Two ship out of the box (and are enforced by default):

Policy What it forbids
default-deny-exporter-removal Removing an exporter that has agents currently sending data through it without a manual override
default-deny-tls-insecure-on-non-localhost An exporter with tls.insecure: true to a non-localhost endpoint

Both can be relaxed per tenant if your environment has a real reason.

Where policies run

The policy engine runs:

  • when a rollout is created (precondition check),
  • when a rollout starts pushing to each agent (per-agent evaluation),
  • when an auto-apply is queued.

A failed precondition refuses to start the rollout.

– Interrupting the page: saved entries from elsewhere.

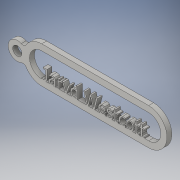
# Autodesk Inventor part: Key
Saved by Autodesk Inventor 2016 (Build 200138000, 138)
## iProperties
Created: 2017-09-07
Part Number: Key
Material: Generic
Document SubType Name: Modeling
Designer: Juan Alvarez
Density: 1 g/cm^3
Appearance: Default
Author: Juan Alvarez
Autodesk Inventor part; units mm, degrees
ref_plane "YZ Plane" through (0, 0, 0) normal (1, 0, 0) x (0, 1, 0)
ref_plane "XZ Plane" through (0, 0, 0) normal (0, 1, 0) x (-1, 0, 0)
ref_plane "XY Plane" through (0, 0, 0) normal (0, 0, 1) x (1, 0, 0)
sketch "Sketch1" plane through (0, 0, 0) normal (0, 0, 1) x (1, 0, 0)
  line L0 (-44.45, 0) -> (44.45, 0) construction
  line L1 (-44.45, -15.24) -> (44.45, -15.24)
  line L2 (44.45, 15.24) -> (-44.45, 15.24)
  arc A0 (44.45, -15.24) -> (44.45, 15.24) centre (44.45, 0) ccw
  line L3 (-44.45, 10.16) -> (44.45, 10.16)
  arc A1 (44.45, -10.16) -> (44.45, 10.16) centre (44.45, 0) ccw
  line L4 (44.45, -10.16) -> (-44.45, -10.16)
  arc A2 (-44.45, 10.16) -> (-44.45, -10.16) centre (-44.45, 0) ccw
  circle A3 centre (-64.77, 0) radius 3.81
  arc A4 (-61.4643, 6.8656) -> (-61.4643, -6.8656) centre (-64.77, 0) ccw
  arc A5 (-44.45, 15.24) -> (-57.3909, 8.0493) centre (-44.45, 0) ccw
  arc A6 (-57.3909, -8.0493) -> (-44.45, -15.24) centre (-44.45, 0) ccw
  arc A7 (-61.4643, 6.8656) -> (-57.3909, 8.0493) centre (-60.0869, 9.7263) ccw
  arc A8 (-57.3909, -8.0493) -> (-61.4643, -6.8656) centre (-60.0869, -9.7263) ccw
  point P0 (0, 0)
  point P1 (0, 0)
  dimension "d0" = 88.9
  dimension "d1" = 15.24
  dimension "d2" = 5.08
  dimension "d3" = 3.81
  dimension "d4" = 3.81
  dimension "d5" = 20.32
  dimension "d6" = 3.175
  dimension "d7" = 10.16
  dimension "d8" = 15.24
  constraints: 16 point on circle, 12 end point, 9 centre point, 8 tangent, 2 parallel, 1 coincident, 1 equal radius, 1 horizontal, 1 horizontal alignment, 1 midpoint, 2 other
  measures "d0" distance of L0.start L0.end
  measures "d1" radius of A0
  measures "d2" distance between parallel lines of L2 L3
  measures "d3" radius of A3
  measures "d4" radial gap between concentric circles of A3 A4
  measures "d5" distance of L0.start A3.centre
  measures "d6" radius of A7
  measures "d7" radius of A2
  measures "d8" radius of A5
sketch "Sketch2" plane through (0, 0, 0) normal (0, 0, 1) x (1, 0, 0)
  line L0 (-44.5962, -0.6319) -> (44.0546, -0.6319) construction
  line L1 (44.0546, -0.6319) -> (44.0546, -17.6038) construction
  line L2 (44.0546, -17.6038) -> (-44.5962, -17.6038) construction
  line L3 (-44.5962, -17.6038) -> (-44.5962, -0.6319) construction
  spline S0 degree 2 poles (-40.0422, -8.1037) (-40.0422, -9.3542) (-41.5705, -10.7127) (-42.8595, -10.7127) knots 0 0 0 1 2 2 2
  spline S1 degree 2 poles (-42.8595, -10.7127) (-43.1683, -10.7127) (-44.1949, -10.6046) (-44.5422, -10.5274) knots 0 0 0 1 2 2 2
  line L4 (-44.5422, -10.5274) -> (-44.5422, -9.3079)
  line L5 (-44.5422, -9.3079) -> (-44.4727, -9.3079)
  spline S2 degree 2 poles (-44.4727, -9.3079) (-44.2103, -9.4005) (-43.4307, -9.6166) (-43.0293, -9.6166) knots 0 0 0 1 2 2 2
  spline S3 degree 2 poles (-43.0293, -9.6166) (-42.4427, -9.6166) (-41.7403, -9.3465) (-41.5782, -9.0995) knots 0 0 0 1 2 2 2
  spline S4 degree 2 poles (-41.5782, -9.0995) (-41.4007, -8.8447) (-41.308, -8.1037) (-41.308, -7.6174) knots 0 0 0 1 2 2 2
  line L6 (-41.308, -7.6174) -> (-41.308, -2.0676)
  line L7 (-41.308, -2.0676) -> (-43.3226, -2.0676)
  line L8 (-43.3226, -2.0676) -> (-43.3226, -1.0565)
  line L9 (-43.3226, -1.0565) -> (-40.0422, -1.0565)
  line L10 (-40.0422, -1.0565) -> (-40.0422, -8.1037)
  spline S5 degree 2 poles (-34.2839, -9.825) (-34.4306, -9.9331) (-34.9246, -10.319) (-35.1562, -10.4348) knots 0 0 0 1 2 2 2
  spline S6 degree 2 poles (-35.1562, -10.4348) (-35.4726, -10.6046) (-36.067, -10.7822) (-36.6073, -10.7822) knots 0 0 0 1 2 2 2
  spline S7 degree 2 poles (-36.6073, -10.7822) (-37.0473, -10.7822) (-37.8423, -10.4502) (-38.1433, -10.1492) knots 0 0 0 1 2 2 2
  spline S8 degree 2 poles (-38.1433, -10.1492) (-38.4289, -9.8559) (-38.7763, -8.9914) (-38.7763, -8.5128) knots 0 0 0 1 2 2 2
  spline S9 degree 2 poles (-38.7763, -8.5128) (-38.7763, -7.7718) (-38.151, -6.7221) (-37.4718, -6.421) knots 0 0 0 1 2 2 2
  spline S10 degree 2 poles (-37.4718, -6.421) (-36.8697, -6.1432) (-35.2333, -5.9347) (-34.2839, -5.8807) knots 0 0 0 1 2 2 2
  line L11 (-34.2839, -5.8807) -> (-34.2839, -5.6492)
  spline S11 degree 2 poles (-34.2839, -5.6492) (-34.2839, -5.2323) (-34.5386, -4.7152) (-34.7702, -4.5685) knots 0 0 0 1 2 2 2
  spline S12 degree 2 poles (-34.7702, -4.5685) (-35.0018, -4.4219) (-35.6656, -4.3292) (-36.0207, -4.3292) knots 0 0 0 1 2 2 2
  spline S13 degree 2 poles (-36.0207, -4.3292) (-36.4375, -4.3292) (-37.5644, -4.5762) (-38.1279, -4.8155) knots 0 0 0 1 2 2 2
  line L12 (-38.1279, -4.8155) -> (-38.1974, -4.8155)
  line L13 (-38.1974, -4.8155) -> (-38.1974, -3.5882)
  spline S14 degree 2 poles (-38.1974, -3.5882) (-37.8655, -3.4956) (-36.6227, -3.264) (-36.0129, -3.264) knots 0 0 0 1 2 2 2
  spline S15 degree 2 poles (-36.0129, -3.264) (-35.2719, -3.264) (-34.2608, -3.4956) (-33.8594, -3.7966) knots 0 0 0 1 2 2 2
  spline S16 degree 2 poles (-33.8594, -3.7966) (-33.4657, -4.09) (-33.0798, -5.0239) (-33.0798, -5.6955) knots 0 0 0 1 2 2 2
  line L14 (-33.0798, -5.6955) -> (-33.0798, -10.5815)
  line L15 (-33.0798, -10.5815) -> (-34.2839, -10.5815)
  line L16 (-34.2839, -10.5815) -> (-34.2839, -9.825)
  line L17 (-34.2839, -8.8216) -> (-34.2839, -6.8378)
  spline S17 degree 2 poles (-34.2839, -6.8378) (-34.7162, -6.8764) (-36.0207, -7.0077) (-36.4298, -7.1312) knots 0 0 0 1 2 2 2
  spline S18 degree 2 poles (-36.4298, -7.1312) (-36.9083, -7.2778) (-37.5335, -7.8876) (-37.5335, -8.4279) knots 0 0 0 1 2 2 2
  spline S19 degree 2 poles (-37.5335, -8.4279) (-37.5335, -9.0454) (-36.8389, -9.6706) (-36.175, -9.6706) knots 0 0 0 1 2 2 2
  spline S20 degree 2 poles (-36.175, -9.6706) (-35.6116, -9.6706) (-34.6853, -9.1844) (-34.2839, -8.8216) knots 0 0 0 1 2 2 2
  line L18 (-27.5994, -4.7229) -> (-27.6612, -4.7229)
  spline S21 degree 2 poles (-27.6612, -4.7229) (-27.8001, -4.6843) (-28.1012, -4.6689) (-28.3096, -4.6689) knots 0 0 0 1 2 2 2
  spline S22 degree 2 poles (-28.3096, -4.6689) (-28.7959, -4.6689) (-29.753, -5.0934) (-30.1852, -5.5102) knots 0 0 0 1 2 2 2
  line L19 (-30.1852, -5.5102) -> (-30.1852, -10.5815)
  line L20 (-30.1852, -10.5815) -> (-31.3894, -10.5815)
  line L21 (-31.3894, -10.5815) -> (-31.3894, -3.4339)
  line L22 (-31.3894, -3.4339) -> (-30.1852, -3.4339)
  line L23 (-30.1852, -3.4339) -> (-30.1852, -4.499)
  spline S23 degree 2 poles (-30.1852, -4.499) (-29.5291, -3.9124) (-28.5489, -3.4339) (-28.0857, -3.4339) knots 0 0 0 1 2 2 2
  spline S24 degree 2 poles (-28.0857, -3.4339) (-27.9005, -3.4339) (-27.7152, -3.4493) (-27.5994, -3.4724) knots 0 0 0 1 2 2 2
  line L24 (-27.5994, -3.4724) -> (-27.5994, -4.7229)
  line L25 (-21.0539, -3.4339) -> (-24.8979, -13.2136)
  line L26 (-24.8979, -13.2136) -> (-26.1869, -13.2136)
  line L27 (-26.1869, -13.2136) -> (-24.9056, -10.2341)
  line L28 (-24.9056, -10.2341) -> (-27.4991, -3.4339)
  line L29 (-27.4991, -3.4339) -> (-26.2023, -3.4339)
  line L30 (-26.2023, -3.4339) -> (-24.2495, -8.729)
  line L31 (-24.2495, -8.729) -> (-22.3044, -3.4339)
  line L32 (-22.3044, -3.4339) -> (-21.0539, -3.4339)
  line L33 (-14.6473, -10.5815) -> (-15.8514, -10.5815)
  line L34 (-15.8514, -10.5815) -> (-15.8514, -9.8559)
  spline S25 degree 2 poles (-15.8514, -9.8559) (-16.1293, -10.0875) (-16.5384, -10.3962) (-16.8163, -10.5274) knots 0 0 0 1 2 2 2
  spline S26 degree 2 poles (-16.8163, -10.5274) (-17.071, -10.6509) (-17.619, -10.7822) (-17.9818, -10.7822) knots 0 0 0 1 2 2 2
  spline S27 degree 2 poles (-17.9818, -10.7822) (-18.5685, -10.7822) (-19.5565, -10.2959) (-19.9038, -9.825) knots 0 0 0 1 2 2 2
  spline S28 degree 2 poles (-19.9038, -9.825) (-20.2511, -9.3542) (-20.6371, -7.9648) (-20.6371, -7.0617) knots 0 0 0 1 2 2 2
  spline S29 degree 2 poles (-20.6371, -7.0617) (-20.6371, -6.12) (-20.1508, -4.7461) (-19.7263, -4.2289) knots 0 0 0 1 2 2 2
  spline S30 degree 2 poles (-19.7263, -4.2289) (-19.3326, -3.7658) (-18.2288, -3.2332) (-17.619, -3.2332) knots 0 0 0 1 2 2 2
  spline S31 degree 2 poles (-17.619, -3.2332) (-17.0864, -3.2332) (-16.2914, -3.4724) (-15.8514, -3.7195) knots 0 0 0 1 2 2 2
  line L35 (-15.8514, -3.7195) -> (-15.8514, -0.6319)
  line L36 (-15.8514, -0.6319) -> (-14.6473, -0.6319)
  line L37 (-14.6473, -0.6319) -> (-14.6473, -10.5815)
  line L38 (-15.8514, -8.8447) -> (-15.8514, -4.7152)
  spline S32 degree 2 poles (-15.8514, -4.7152) (-16.2991, -4.499) (-17.0093, -4.337) (-17.4183, -4.337) knots 0 0 0 1 2 2 2
  spline S33 degree 2 poles (-17.4183, -4.337) (-18.3446, -4.337) (-19.3944, -5.7263) (-19.3944, -7.0385) knots 0 0 0 1 2 2 2
  spline S34 degree 2 poles (-19.3944, -7.0385) (-19.3944, -8.3044) (-18.5916, -9.6398) (-17.7039, -9.6398) knots 0 0 0 1 2 2 2
  spline S35 degree 2 poles (-17.7039, -9.6398) (-17.2331, -9.6398) (-16.276, -9.2075) (-15.8514, -8.8447) knots 0 0 0 1 2 2 2
  line L39 (1.9558, -1.0565) -> (-0.437, -10.5815)
  line L40 (-0.437, -10.5815) -> (-1.8572, -10.5815)
  line L41 (-1.8572, -10.5815) -> (-3.7947, -2.6774)
  line L42 (-3.7947, -2.6774) -> (-5.6781, -10.5815)
  line L43 (-5.6781, -10.5815) -> (-7.0829, -10.5815)
  line L44 (-7.0829, -10.5815) -> (-9.5143, -1.0565)
  line L45 (-9.5143, -1.0565) -> (-8.2098, -1.0565)
  line L46 (-8.2098, -1.0565) -> (-6.2956, -8.9528)
  line L47 (-6.2956, -8.9528) -> (-4.3967, -1.0565)
  line L48 (-4.3967, -1.0565) -> (-3.1077, -1.0565)
  line L49 (-3.1077, -1.0565) -> (-1.1934, -9.0454)
  line L50 (-1.1934, -9.0454) -> (0.7131, -1.0565)
  line L51 (0.7131, -1.0565) -> (1.9558, -1.0565)
  spline S36 degree 2 poles (6.1008, -10.7436) (4.3873, -10.7436) (2.5039, -8.8216) (2.5039, -7.0463) knots 0 0 0 1 2 2 2
  spline S37 degree 2 poles (2.5039, -7.0463) (2.5039, -5.3018) (4.3332, -3.2332) (5.8075, -3.2332) knots 0 0 0 1 2 2 2
  spline S38 degree 2 poles (5.8075, -3.2332) (6.4713, -3.2332) (7.4979, -3.6191) (7.8762, -4.0282) knots 0 0 0 1 2 2 2
  spline S39 degree 2 poles (7.8762, -4.0282) (8.2621, -4.4373) (8.6712, -5.6183) (8.6712, -6.4751) knots 0 0 0 1 2 2 2
  line L52 (8.6712, -6.4751) -> (8.6712, -7.1312)
  line L53 (8.6712, -7.1312) -> (3.7234, -7.1312)
  spline S40 degree 2 poles (3.7234, -7.1312) (3.7234, -8.3739) (4.9739, -9.6938) (6.0854, -9.6938) knots 0 0 0 1 2 2 2
  spline S41 degree 2 poles (6.0854, -9.6938) (6.4791, -9.6938) (7.2432, -9.5163) (7.552, -9.3773) knots 0 0 0 1 2 2 2
  spline S42 degree 2 poles (7.552, -9.3773) (7.8762, -9.223) (8.3239, -8.9528) (8.4705, -8.8293) knots 0 0 0 1 2 2 2
  line L54 (8.4705, -8.8293) -> (8.54, -8.8293)
  line L55 (8.54, -8.8293) -> (8.54, -10.1415)
  spline S43 degree 2 poles (8.54, -10.1415) (8.3316, -10.2264) (7.6986, -10.4734) (7.4516, -10.5429) knots 0 0 0 1 2 2 2
  spline S44 degree 2 poles (7.4516, -10.5429) (7.1043, -10.6432) (6.5331, -10.7436) (6.1008, -10.7436) knots 0 0 0 1 2 2 2
  spline S45 degree 2 poles (7.4979, -6.2126) (7.4825, -5.7263) (7.2818, -5.0162) (7.0888, -4.7769) knots 0 0 0 1 2 2 2
  spline S46 degree 2 poles (7.0888, -4.7769) (6.8804, -4.5068) (6.2243, -4.2212) (5.7381, -4.2212) knots 0 0 0 1 2 2 2
  spline S47 degree 2 poles (5.7381, -4.2212) (5.2595, -4.2212) (4.588, -4.5068) (4.3101, -4.7846) knots 0 0 0 1 2 2 2
  spline S48 degree 2 poles (4.3101, -4.7846) (4.0399, -5.0702) (3.762, -5.7572) (3.7234, -6.2126) knots 0 0 0 1 2 2 2
  line L56 (3.7234, -6.2126) -> (7.4979, -6.2126)
  spline S49 degree 2 poles (11.8205, -10.7513) (11.1026, -10.7513) (9.8599, -10.3653) (9.4508, -10.1492) knots 0 0 0 1 2 2 2
  line L57 (9.4508, -10.1492) -> (9.4508, -8.7984)
  line L58 (9.4508, -8.7984) -> (9.5125, -8.7984)
  spline S50 degree 2 poles (9.5125, -8.7984) (9.6669, -8.9219) (10.0837, -9.2152) (10.4311, -9.3773) knots 0 0 0 1 2 2 2
  spline S51 degree 2 poles (10.4311, -9.3773) (10.7321, -9.524) (11.4731, -9.7401) (11.8668, -9.7401) knots 0 0 0 1 2 2 2
  spline S52 degree 2 poles (11.8668, -9.7401) (12.1524, -9.7401) (12.8085, -9.6089) (12.9628, -9.5008) knots 0 0 0 1 2 2 2
  spline S53 degree 2 poles (12.9628, -9.5008) (13.1867, -9.3542) (13.3874, -9.0223) (13.3874, -8.6826) knots 0 0 0 1 2 2 2
  spline S54 degree 2 poles (13.3874, -8.6826) (13.3874, -8.2581) (12.9243, -7.8181) (12.3299, -7.6715) knots 0 0 0 1 2 2 2
  spline S55 degree 2 poles (12.3299, -7.6715) (12.0983, -7.6174) (11.3573, -7.4631) (11.0409, -7.3782) knots 0 0 0 1 2 2 2
  spline S56 degree 2 poles (11.0409, -7.3782) (10.2227, -7.1389) (9.4817, -6.1509) (9.4817, -5.4485) knots 0 0 0 1 2 2 2
  spline S57 degree 2 poles (9.4817, -5.4485) (9.4817, -4.4759) (10.9405, -3.264) (12.1447, -3.264) knots 0 0 0 1 2 2 2
  spline S58 degree 2 poles (12.1447, -3.264) (12.739, -3.264) (13.9431, -3.5574) (14.3522, -3.7812) knots 0 0 0 1 2 2 2
  line L59 (14.3522, -3.7812) -> (14.3522, -5.0702)
  line L60 (14.3522, -5.0702) -> (14.2905, -5.0702)
  spline S59 degree 2 poles (14.2905, -5.0702) (13.8274, -4.6997) (12.7004, -4.2752) (12.1215, -4.2752) knots 0 0 0 1 2 2 2
  spline S60 degree 2 poles (12.1215, -4.2752) (11.5272, -4.2752) (10.709, -4.7769) (10.709, -5.2786) knots 0 0 0 1 2 2 2
  spline S61 degree 2 poles (10.709, -5.2786) (10.709, -5.7341) (11.1952, -6.174) (11.7356, -6.313) knots 0 0 0 1 2 2 2
  spline S62 degree 2 poles (11.7356, -6.313) (11.998, -6.3824) (12.6618, -6.5214) (13.0246, -6.6063) knots 0 0 0 1 2 2 2
  spline S63 degree 2 poles (13.0246, -6.6063) (13.8119, -6.807) (14.6147, -7.7255) (14.6147, -8.5205) knots 0 0 0 1 2 2 2
  spline S64 degree 2 poles (14.6147, -8.5205) (14.6147, -8.9837) (14.2519, -9.8019) (13.8968, -10.1029) knots 0 0 0 1 2 2 2
  spline S65 degree 2 poles (13.8968, -10.1029) (13.5186, -10.4194) (12.5538, -10.7513) (11.8205, -10.7513) knots 0 0 0 1 2 2 2
  spline S66 degree 2 poles (17.8952, -10.7204) (16.9149, -10.7204) (15.8111, -9.6012) (15.8111, -8.3893) knots 0 0 0 1 2 2 2
  line L61 (15.8111, -8.3893) -> (15.8111, -4.4296)
  line L62 (15.8111, -4.4296) -> (15.0006, -4.4296)
  line L63 (15.0006, -4.4296) -> (15.0006, -3.4339)
  line L64 (15.0006, -3.4339) -> (15.8111, -3.4339)
  line L65 (15.8111, -3.4339) -> (15.8111, -1.3807)
  line L66 (15.8111, -1.3807) -> (17.0152, -1.3807)
  line L67 (17.0152, -1.3807) -> (17.0152, -3.4339)
  line L68 (17.0152, -3.4339) -> (19.2305, -3.4339)
  line L69 (19.2305, -3.4339) -> (19.2305, -4.4296)
  line L70 (19.2305, -4.4296) -> (17.0152, -4.4296)
  line L71 (17.0152, -4.4296) -> (17.0152, -7.8336)
  spline S67 degree 2 poles (17.0152, -7.8336) (17.0152, -8.3739) (17.0538, -8.9682) (17.185, -9.223) knots 0 0 0 1 2 2 2
  spline S68 degree 2 poles (17.185, -9.223) (17.2931, -9.4468) (17.7794, -9.6706) (18.1962, -9.6706) knots 0 0 0 1 2 2 2
  spline S69 degree 2 poles (18.1962, -9.6706) (18.4895, -9.6706) (19.0375, -9.4931) (19.161, -9.4391) knots 0 0 0 1 2 2 2
  line L72 (19.161, -9.4391) -> (19.2305, -9.4391)
  line L73 (19.2305, -9.4391) -> (19.2305, -10.5197)
  spline S70 degree 2 poles (19.2305, -10.5197) (18.8909, -10.6123) (18.1962, -10.7204) (17.8952, -10.7204) knots 0 0 0 1 2 2 2
  spline S71 degree 2 poles (22.9587, -10.7436) (22.2177, -10.7436) (20.9904, -10.2881) (20.5504, -9.825) knots 0 0 0 1 2 2 2
  spline S72 degree 2 poles (20.5504, -9.825) (20.1105, -9.3696) (19.6242, -7.9648) (19.6242, -7.0231) knots 0 0 0 1 2 2 2
  spline S73 degree 2 poles (19.6242, -7.0231) (19.6242, -6.0814) (20.1259, -4.7075) (20.5504, -4.2443) knots 0 0 0 1 2 2 2
  spline S74 degree 2 poles (20.5504, -4.2443) (20.975, -3.7735) (22.2331, -3.2718) (22.9587, -3.2718) knots 0 0 0 1 2 2 2
  spline S75 degree 2 poles (22.9587, -3.2718) (23.5453, -3.2718) (24.6414, -3.6037) (25.0659, -3.8198) knots 0 0 0 1 2 2 2
  line L74 (25.0659, -3.8198) -> (25.0659, -5.1706)
  line L75 (25.0659, -5.1706) -> (24.9965, -5.1706)
  spline S76 degree 2 poles (24.9965, -5.1706) (24.8652, -5.0625) (24.4639, -4.7846) (24.1783, -4.638) knots 0 0 0 1 2 2 2
  spline S77 degree 2 poles (24.1783, -4.638) (23.9235, -4.5145) (23.2443, -4.3215) (22.9355, -4.3215) knots 0 0 0 1 2 2 2
  spline S78 degree 2 poles (22.9355, -4.3215) (22.0016, -4.3215) (20.8669, -5.7341) (20.8669, -7.0231) knots 0 0 0 1 2 2 2
  spline S79 degree 2 poles (20.8669, -7.0231) (20.8669, -8.2813) (21.963, -9.6938) (22.9355, -9.6938) knots 0 0 0 1 2 2 2
  spline S80 degree 2 poles (22.9355, -9.6938) (23.5222, -9.6938) (24.5874, -9.2075) (24.9965, -8.8293) knots 0 0 0 1 2 2 2
  line L76 (24.9965, -8.8293) -> (25.0659, -8.8293)
  line L77 (25.0659, -8.8293) -> (25.0659, -10.1801)
  spline S81 degree 2 poles (25.0659, -10.1801) (24.8884, -10.265) (24.3481, -10.5043) (24.132, -10.5583) knots 0 0 0 1 2 2 2
  spline S82 degree 2 poles (24.132, -10.5583) (23.8232, -10.6509) (23.3369, -10.7436) (22.9587, -10.7436) knots 0 0 0 1 2 2 2
  spline S83 degree 2 poles (32.036, -7.0077) (32.036, -8.8139) (30.2993, -10.7822) (28.8481, -10.7822) knots 0 0 0 1 2 2 2
  spline S84 degree 2 poles (28.8481, -10.7822) (27.3584, -10.7822) (25.6526, -8.7521) (25.6526, -7.0077) knots 0 0 0 1 2 2 2
  spline S85 degree 2 poles (25.6526, -7.0077) (25.6526, -5.2169) (27.4124, -3.2332) (28.8481, -3.2332) knots 0 0 0 1 2 2 2
  spline S86 degree 2 poles (28.8481, -3.2332) (30.2993, -3.2332) (32.036, -5.2092) (32.036, -7.0077) knots 0 0 0 1 2 2 2
  spline S87 degree 2 poles (30.7933, -7.0077) (30.7933, -5.6183) (29.7821, -4.2675) (28.8481, -4.2675) knots 0 0 0 1 2 2 2
  spline S88 degree 2 poles (28.8481, -4.2675) (27.9142, -4.2675) (26.8953, -5.6183) (26.8953, -7.0077) knots 0 0 0 1 2 2 2
  spline S89 degree 2 poles (26.8953, -7.0077) (26.8953, -8.3584) (27.9142, -9.7478) (28.8481, -9.7478) knots 0 0 0 1 2 2 2
  spline S90 degree 2 poles (28.8481, -9.7478) (29.7744, -9.7478) (30.7933, -8.3816) (30.7933, -7.0077) knots 0 0 0 1 2 2 2
  spline S91 degree 2 poles (35.4323, -10.7204) (34.452, -10.7204) (33.3482, -9.6012) (33.3482, -8.3893) knots 0 0 0 1 2 2 2
  line L78 (33.3482, -8.3893) -> (33.3482, -4.4296)
  line L79 (33.3482, -4.4296) -> (32.5377, -4.4296)
  line L80 (32.5377, -4.4296) -> (32.5377, -3.4339)
  line L81 (32.5377, -3.4339) -> (33.3482, -3.4339)
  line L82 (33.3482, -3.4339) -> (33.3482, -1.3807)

A failed per-agent evaluation skips that one agent and records a Rollout.PushDenied audit event.

Listing policies

Settings → Policies lists every policy on the active tenant:

  • name,
  • type (Built-in or Custom),
  • status (Draft / Approved / Active / Retired),
  • last edit author and approver,
  • audit-log link.

Creating a custom policy

Settings → Policies → New policy:

  1. Name — unique per tenant.
  2. Description — free text. Reviewers will read this; explain intent.
  3. Body — the DSL expression (see Custom policy DSL).
  4. Save as draft.

Drafts run in the policy engine in a "shadow" mode — the engine evaluates them but never blocks; instead, every "would-deny" is recorded as a Policy.WouldDeny audit event so you can dry-run a new policy before turning it on.

Approval flow

A draft policy must be Approved by a different operator (the four-eyes principle) before it goes Active. See Approval flows.

Active policies

Active policies block in real time. The "would-deny" shadow stops; the engine becomes blocking. The audit-log row for the activation includes the policy version's hash for tamper-evidence.

Retiring a policy

Retire keeps the policy in the database for the audit trail but takes it out of evaluation. Retire is reversible (re-Activate). Hard delete is not offered — the audit history of what the policy did is itself audit material.

Performance and safety

The policy engine evaluates expressions with a 50 ms wall-clock budget per evaluation. An expression that times out is treated as deny, not allow — fail-closed by design. Expressions are cached in compiled form so the second evaluation reuses the parse tree.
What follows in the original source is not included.